Saturday, 28 November 2009

Russia train crash investigation examines bomb theory

The authorities in Russia are treating the crash of an express train in which at least 25 people were killed as a possible act of terrorism.
A crater has been found near the track, raising suspicions that a bomb may have been used to derail the train.
The prosecutor-general has opened a criminal case on terrorism charges, Russian news agencies report.
The train crashed in remote countryside as the train travelled between Moscow and St Petersburg.
Hundreds of rescuers and officials have been working throughout the night at the scene near the town of Bologoye in Tver region.
Some reports say that as many as 39 people have died.
The train was carrying more than 650 people. More than 90 are in hospital, some of them taken there by helicopter.
The chief of state-owned railroad firm Russian Railways, Vladimir Yakunin, said investigators believed Friday evening's crash was caused by an act of terrorism.
"To put it simply, a terrorist attack" was the main line of inquiry being pursued by experts investigating the derailment, Mr Yakunin said on state television from the scene.
Some passengers reported a loud bang occurring just before the derailment.
And Russian television channels have been broadcasting a recording of a mobile phone call from the train driver to the emergencies ministry.
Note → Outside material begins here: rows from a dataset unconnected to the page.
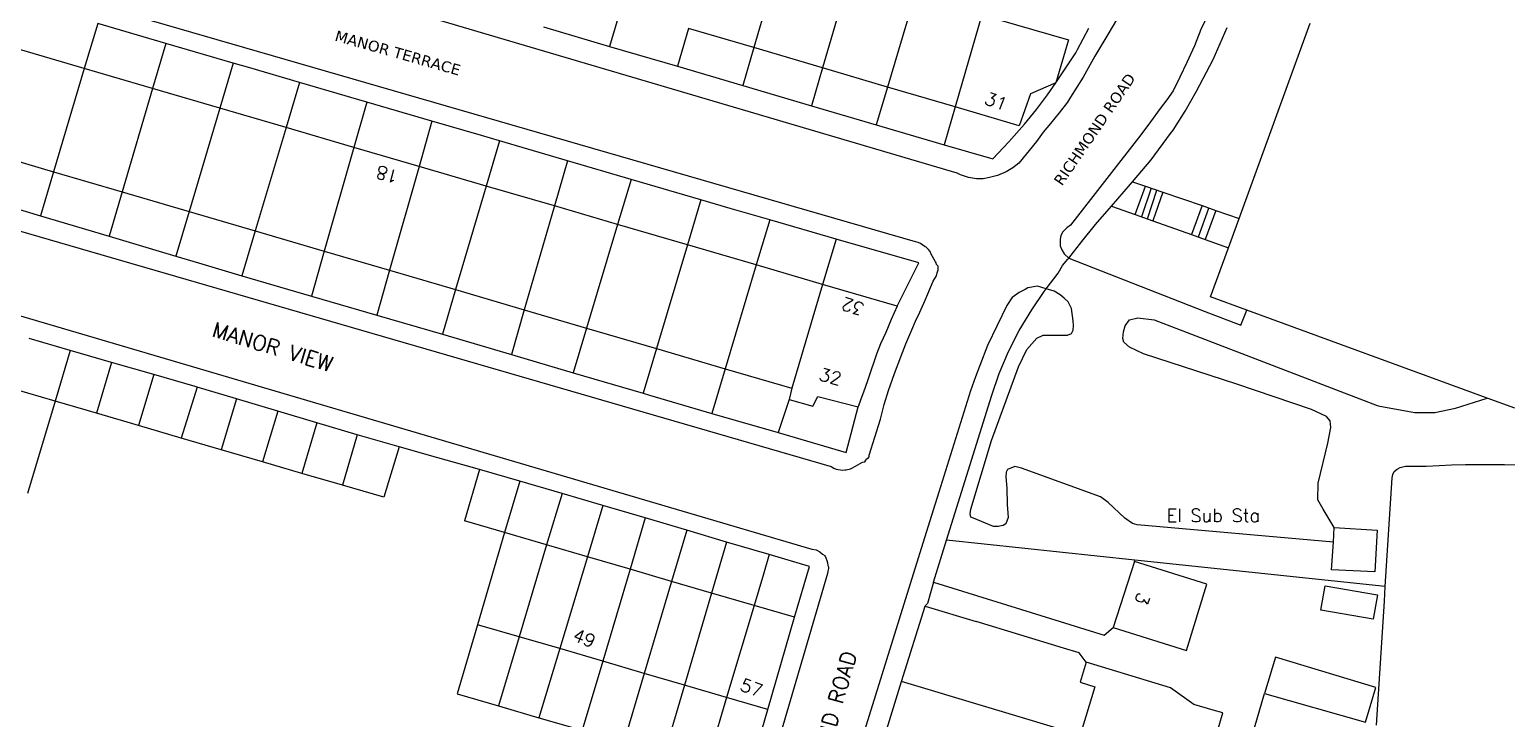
# Model space of a CAD drawing. Extents: x 427500 to 429848, y 434500 to 436505.
# Drawn here: x 428216.1 to 428352.7, y 435658.7 to 435722.5 of the extents above; entities that cross this region are included whole.
import ezdxf

# ---------------------------------------------------------------- set-up
doc = ezdxf.new("R2010")
doc.units = 0
doc.layers.add('LPTIP_Ex_Base', color=8, linetype='Continuous')
doc.styles.add('LCC VERDANA', font='verdana.ttf')
doc.styles.add('MtXpl_Romans', font='romans__.ttf')

msp = doc.modelspace()

# ---------------------------------------------------------------- linework, layer by layer
at = {"layer": 'LPTIP_Ex_Base', "color": 251, "true_color": 0x636466}
for p, q in [((428301.9, 435709.2), (428218.75, 435733.8)), ((428298.05, 435702.85), (428201.4, 435730.85)), ((428285.58, 435729.35), (428283.1, 435720.84)), ((428291.94, 435727.48), (428289.46, 435718.96)), ((428297.98, 435725.7), (428295.45, 435717.19)), ((428270.78, 435724.47), (428269.75, 435720.95)), ((428304.19, 435723.88), (428301.71, 435715.35)), ((428304.19, 435723.88), (428312.2, 435721.55)), ((428317.05, 435724.1), (428315.85, 435722.05)), ((428325.15, 435723.95), (428324.45, 435722.5)), ((428222.39, 435723.08), (428221.14, 435718.9)), ((428228.7, 435721.22), (428222.39, 435723.08)), ((428263.63, 435722.75), (428269.75, 435720.95)), ((428277.04, 435722.62), (428276.02, 435719.11)), ((428283.1, 435720.84), (428277.04, 435722.62)), ((428313.05, 435720.65), (428314.1, 435722.65)), ((428324.45, 435722.5), (428323.85, 435721)), ((428325.6, 435719.75), (428326.9, 435722.7)), ((428327.99, 435705.02), (428334.57, 435723.09)), ((428228.7, 435721.22), (428227.47, 435717.05)), ((428234.91, 435719.4), (428228.7, 435721.22)), ((428269.75, 435720.95), (428276.02, 435719.11)), ((428312.2, 435721.55), (428311.04, 435717.59)), ((428315.85, 435722.05), (428314.65, 435720.05)), ((428323.85, 435721), (428323.15, 435719.45)), ((428221.14, 435718.9), (428214.86, 435720.74)), ((428283.1, 435720.84), (428282.07, 435717.33)), ((428289.46, 435718.96), (428283.1, 435720.84)), ((428311.6, 435718.4), (428312.9, 435720.35)), ((428312.9, 435720.35), (428313.05, 435720.65)), ((428314.65, 435720.05), (428313.55, 435718.1)), ((428324.05, 435716.8), (428325.6, 435719.75)), ((428221.14, 435718.9), (428218.3, 435709.35)), ((428227.47, 435717.05), (428221.14, 435718.9)), ((428234.91, 435719.4), (428233.68, 435715.23)), ((428236.45, 435718.95), (428234.91, 435719.4)), ((428241.06, 435717.61), (428236.45, 435718.95)), ((428276.02, 435719.11), (428282.07, 435717.33)), ((428289.46, 435718.96), (428288.44, 435715.46)), ((428295.45, 435717.19), (428289.46, 435718.96)), ((428311.04, 435717.59), (428311.6, 435718.4)), ((428323.15, 435719.45), (428322.5, 435718.1)), ((428227.47, 435717.05), (428224.65, 435707.49)), ((428233.68, 435715.23), (428227.47, 435717.05)), ((428241.06, 435717.61), (428239.82, 435713.44)), ((428247.3, 435715.79), (428241.06, 435717.61)), ((428282.07, 435717.33), (428288.44, 435715.46)), ((428295.45, 435717.19), (428294.41, 435713.7)), ((428301.71, 435715.35), (428295.45, 435717.19)), ((428311.04, 435717.59), (428308.7, 435716.55)), ((428310.25, 435716.45), (428311.04, 435717.59)), ((428313.55, 435718.1), (428312.4, 435716.25)), ((428321.9, 435716.85), (428321.3, 435716)), ((428322.5, 435718.1), (428321.9, 435716.85)), ((428323, 435714.95), (428324.05, 435716.8)), ((428247.3, 435715.79), (428246.1, 435711.6)), ((428253.3, 435714.04), (428247.3, 435715.79)), ((428288.44, 435715.46), (428294.41, 435713.7)), ((428308.7, 435716.55), (428307.65, 435713.6)), ((428309.25, 435715.1), (428310.25, 435716.45)), ((428312.1, 435715.8), (428311.35, 435714.8)), ((428312.4, 435716.25), (428312.1, 435715.8)), ((428321.3, 435716), (428320.7, 435715.2)), ((428233.68, 435715.23), (428230.85, 435705.67)), ((428239.82, 435713.44), (428233.68, 435715.23)), ((428253.3, 435714.04), (428252.12, 435709.84)), ((428257.9, 435712.7), (428253.3, 435714.04)), ((428301.71, 435715.35), (428300.7, 435711.85)), ((428307.65, 435713.6), (428301.71, 435715.35)), ((428308.15, 435713.75), (428309.25, 435715.1)), ((428311.35, 435714.8), (428310.55, 435713.8)), ((428320.7, 435715.2), (428319.8, 435713.95)), ((428321.9, 435713.2), (428323, 435714.95)), ((428239.82, 435713.44), (428236.97, 435703.87)), ((428246.1, 435711.6), (428239.82, 435713.44)), ((428259.56, 435712.21), (428257.9, 435712.7)), ((428294.41, 435713.7), (428300.7, 435711.85)), ((428306.7, 435712.1), (428308.15, 435713.75)), ((428309.85, 435713), (428309.25, 435712.15)), ((428310.55, 435713.8), (428309.85, 435713)), ((428318.9, 435712.75), (428312.4, 435704.4)), ((428319.8, 435713.95), (428318.9, 435712.75)), ((428319.85, 435710.45), (428321.65, 435712.9)), ((428321.65, 435712.9), (428321.9, 435713.2)), ((428189.5, 435711.3), (428290.25, 435682.05)), ((428246.1, 435711.6), (428243.35, 435702)), ((428252.12, 435709.84), (428246.1, 435711.6)), ((428259.56, 435712.21), (428258.33, 435708.02)), ((428265.86, 435710.36), (428259.56, 435712.21)), ((428300.7, 435711.85), (428305.2, 435710.55)), ((428305.2, 435710.55), (428306.7, 435712.1)), ((428309.25, 435712.15), (428307.6, 435710.15)), ((428212.15, 435711.16), (428218.3, 435709.35)), ((428265.86, 435710.36), (428264.65, 435706.18)), ((428271.74, 435708.64), (428265.86, 435710.36)), ((428307.6, 435710.15), (428307.05, 435709.7)), ((428318.14, 435708.42), (428319.85, 435710.45)), ((428218.3, 435709.35), (428217.09, 435705.27)), ((428218.3, 435709.35), (428224.65, 435707.49)), ((428252.12, 435709.84), (428249.4, 435700.22)), ((428258.33, 435708.02), (428252.12, 435709.84)), ((428271.74, 435708.64), (428270.49, 435704.47)), ((428278.19, 435706.74), (428271.74, 435708.64)), ((428302.2, 435709.05), (428301.9, 435709.2)), ((428302.95, 435708.8), (428302.2, 435709.05)), ((428303.7, 435708.7), (428302.95, 435708.8)), ((428304.2, 435708.7), (428303.7, 435708.7)), ((428304.3, 435708.7), (428304.2, 435708.7)), ((428304.9, 435708.8), (428304.3, 435708.7)), ((428305.65, 435709), (428304.9, 435708.8)), ((428306.45, 435709.35), (428305.65, 435709)), ((428307.05, 435709.7), (428306.45, 435709.35)), ((428224.65, 435707.49), (428223.44, 435703.37)), ((428224.65, 435707.49), (428230.85, 435705.67)), ((428258.33, 435708.02), (428255.5, 435698.43)), ((428264.65, 435706.18), (428258.33, 435708.02)), ((428316.19, 435706.17), (428317.95, 435708.2)), ((428317.95, 435708.2), (428318.14, 435708.42)), ((428318.14, 435708.42), (428319.34, 435708.01)), ((428318.38, 435705.39), (428319.34, 435708.01)), ((428319.84, 435707.83), (428318.96, 435705.18)), ((428319.34, 435708.01), (428320.94, 435707.45)), ((428319.51, 435704.99), (428320.38, 435707.65)), ((428320.94, 435707.45), (428320.02, 435704.8)), ((428320.94, 435707.45), (428324.56, 435706.21)), ((428210.99, 435707.09), (428217.09, 435705.27)), ((428264.65, 435706.18), (428261.86, 435696.56)), ((428270.49, 435704.47), (428264.65, 435706.18)), ((428278.19, 435706.74), (428276.95, 435702.58)), ((428280.9, 435705.95), (428278.19, 435706.74)), ((428284.56, 435704.89), (428280.9, 435705.95)), ((428314.7, 435704.45), (428316.19, 435706.17)), ((428316.19, 435706.17), (428318.38, 435705.39)), ((428324.56, 435706.21), (428323.59, 435703.53)), ((428324.22, 435703.31), (428325.2, 435705.98)), ((428324.56, 435706.21), (428325.84, 435705.76)), ((428184.5, 435705.05), (428288.45, 435674.4)), ((428217.09, 435705.27), (428223.44, 435703.37)), ((428230.85, 435705.67), (428229.62, 435701.52)), ((428230.85, 435705.67), (428236.97, 435703.87)), ((428270.49, 435704.47), (428267.62, 435694.87)), ((428276.95, 435702.58), (428270.49, 435704.47)), ((428284.56, 435704.89), (428283.31, 435700.72)), ((428290.7, 435703.11), (428284.56, 435704.89)), ((428318.38, 435705.39), (428320.02, 435704.8)), ((428320.02, 435704.8), (428323.59, 435703.53)), ((428325.84, 435705.76), (428324.86, 435703.08)), ((428325.84, 435705.76), (428327.99, 435705.02)), ((428327.01, 435702.31), (428327.99, 435705.02)), ((428223.44, 435703.37), (428229.62, 435701.52)), ((428236.97, 435703.87), (428235.73, 435699.72)), ((428236.97, 435703.87), (428243.35, 435702)), ((428290.7, 435703.11), (428289.46, 435698.92)), ((428298.35, 435700.9), (428290.7, 435703.11)), ((428311.5, 435703.4), (428311.45, 435703.1)), ((428311.45, 435703.1), (428311.45, 435702.5)), ((428311.65, 435703.75), (428311.5, 435703.4)), ((428311.8, 435703.9), (428311.65, 435703.75)), ((428312.05, 435704.15), (428311.8, 435703.9)), ((428312.4, 435704.4), (428312.05, 435704.15)), ((428313.45, 435702.9), (428314.7, 435704.45)), ((428323.59, 435703.53), (428324.86, 435703.08)), ((428243.35, 435702), (428242.16, 435697.84)), ((428243.35, 435702), (428249.4, 435700.22)), ((428276.95, 435702.58), (428274.08, 435692.98)), ((428283.31, 435700.72), (428276.95, 435702.58)), ((428298.3, 435702.8), (428298.05, 435702.85)), ((428298.5, 435702.7), (428298.3, 435702.8)), ((428298.95, 435702.4), (428298.5, 435702.7)), ((428299.05, 435702.35), (428298.95, 435702.4)), ((428299.25, 435702.15), (428299.05, 435702.35)), ((428299.4, 435701.95), (428299.25, 435702.15)), ((428299.5, 435701.7), (428299.4, 435701.95)), ((428311.45, 435702.5), (428311.6, 435702.1)), ((428311.6, 435702.1), (428311.8, 435701.75)), ((428311.8, 435701.75), (428312.23, 435701.35)), ((428312.23, 435701.35), (428313.45, 435702.9)), ((428324.86, 435703.08), (428327.01, 435702.31)), ((428325.35, 435697.75), (428327.01, 435702.31)), ((428229.62, 435701.52), (428231.7, 435700.9)), ((428231.7, 435700.9), (428235.73, 435699.72)), ((428283.31, 435700.72), (428280.45, 435691.11)), ((428289.46, 435698.92), (428283.31, 435700.72)), ((428296.37, 435696.9), (428298.35, 435700.9)), ((428299.9, 435701), (428299.5, 435701.7)), ((428299.95, 435700.9), (428299.9, 435701)), ((428300, 435700.75), (428299.95, 435700.9)), ((428300.15, 435700.6), (428300, 435700.75)), ((428300.15, 435700.25), (428300.15, 435700.6)), ((428311.25, 435699.95), (428311.65, 435700.65)), ((428311.65, 435700.65), (428312.15, 435701.25)), ((428312.15, 435701.25), (428312.23, 435701.35)), ((428312.23, 435701.35), (428324.75, 435696.45)), ((428235.73, 435699.72), (428242.16, 435697.84)), ((428249.4, 435700.22), (428248.22, 435696.07)), ((428249.4, 435700.22), (428255.5, 435698.43)), ((428298.95, 435697.45), (428299.7, 435699.2)), ((428299.7, 435699.2), (428300, 435699.7)), ((428300, 435699.7), (428300.05, 435700)), ((428300.05, 435700), (428300.15, 435700.25)), ((428310.15, 435698.51), (428311.25, 435699.95)), ((428242.16, 435697.84), (428248.22, 435696.07)), ((428255.5, 435698.43), (428254.28, 435694.3)), ((428255.5, 435698.43), (428261.86, 435696.56)), ((428289.46, 435698.92), (428286.6, 435689.3)), ((428296.37, 435696.9), (428289.46, 435698.92)), ((428307, 435697.7), (428306.85, 435697.5)), ((428307.2, 435697.85), (428307, 435697.7)), ((428307.65, 435698.15), (428307.2, 435697.85)), ((428308, 435698.35), (428307.65, 435698.15)), ((428308.2, 435698.45), (428308, 435698.35)), ((428308.45, 435698.6), (428308.2, 435698.45)), ((428309.35, 435698.75), (428308.45, 435698.6)), ((428308.8, 435696.55), (428309.95, 435698.25)), ((428310.15, 435698.51), (428309.35, 435698.75)), ((428309.95, 435698.25), (428310.15, 435698.51)), ((428310.88, 435698.29), (428310.15, 435698.51)), ((428311.42, 435697.96), (428310.88, 435698.29)), ((428311.8, 435697.65), (428311.42, 435697.96)), ((428312.17, 435697.29), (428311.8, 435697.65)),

The driver says there has been an explosion under the train.
The train, known as the Nevsky Express, was travelling on one of the busiest rail routes in Russia, and Friday evening is peak travel time.
In 2007, a bomb on the same line derailed a train, injuring nearly 30 passengers.
Two men suspected of having links to Chechen rebels were accused of planting a bomb next to the track.

Monday, 31 August 2009

Russia 'kills al-Qaeda operative'

Russian forces have killed an al-Qaeda militant in the increasingly volatile North Caucasus region of Dagestan, officials say.
The Algerian national, known as "Doctor Mohammed", was killed when police stormed a house near Chechnya on Sunday night, an unidentified official said.
Correspondents say a violent Islamist insurgency is growing in the region.
The official announced the deaths in a televised address, dressed in combat gear with his back to the camera.
"A representative of an international terrorist organisation in the North Caucasus tasked to oversee terrorist acts in Dagestan was neutralised during a combat operation," he told Russia's Vesti-24 news channel.
A second militant was also killed as police raided the house in Khasavyurt, near the border with Chechnya, he added.
Violence has flared in the North Caucasus in recent months, with dozens of militants and members of the security forces being killed in Dagestan, neighbouring Chechnya and Ingushetia.
Russia says the insurgency is being funded by foreign-based extremist Islamist organisations.
Russian forces have fought two wars against Islamist separatists in the mainly Muslim republic of Chechnya since 1994. The conflicts claimed more than 100,000 lives and left much of Chechnya in ruins.

Thursday, 8 January 2009

CRIME Briefs - Russian senators vote to abolish juries for terrorist trials

MOSCOW (RIA Novosti) - The upper house of Russia's parliament approved a bill on Wednesday to abolish juries for terrorist trials and cases involving kidnapping, state treason, espionage, coup d'etats and other serious offenses.
Under the bill, the country's criminal code will be amended to require that trials of suspects charged with terrorism offenses will be heard by a panel of three judges.
The amendments will also tighten criminal responsibility for those charged with terrorist offenses.
Criminal offenses involving explosives aimed at causing damage to companies, transportation and communication networks or vital infrastructure with a view to disrupting Russia's economic security and defense capabilities will be punishable by 12 to 20 years in prison.
Defendants charged with premeditated murder could face 15 to 20 years in jail or life imprisonment against the current 12 to 20 years behind bars.
Similar prison terms are expected for terrorists who target nuclear energy facilities or use nuclear, radioactive, toxic or biochemical materials to maim or kill.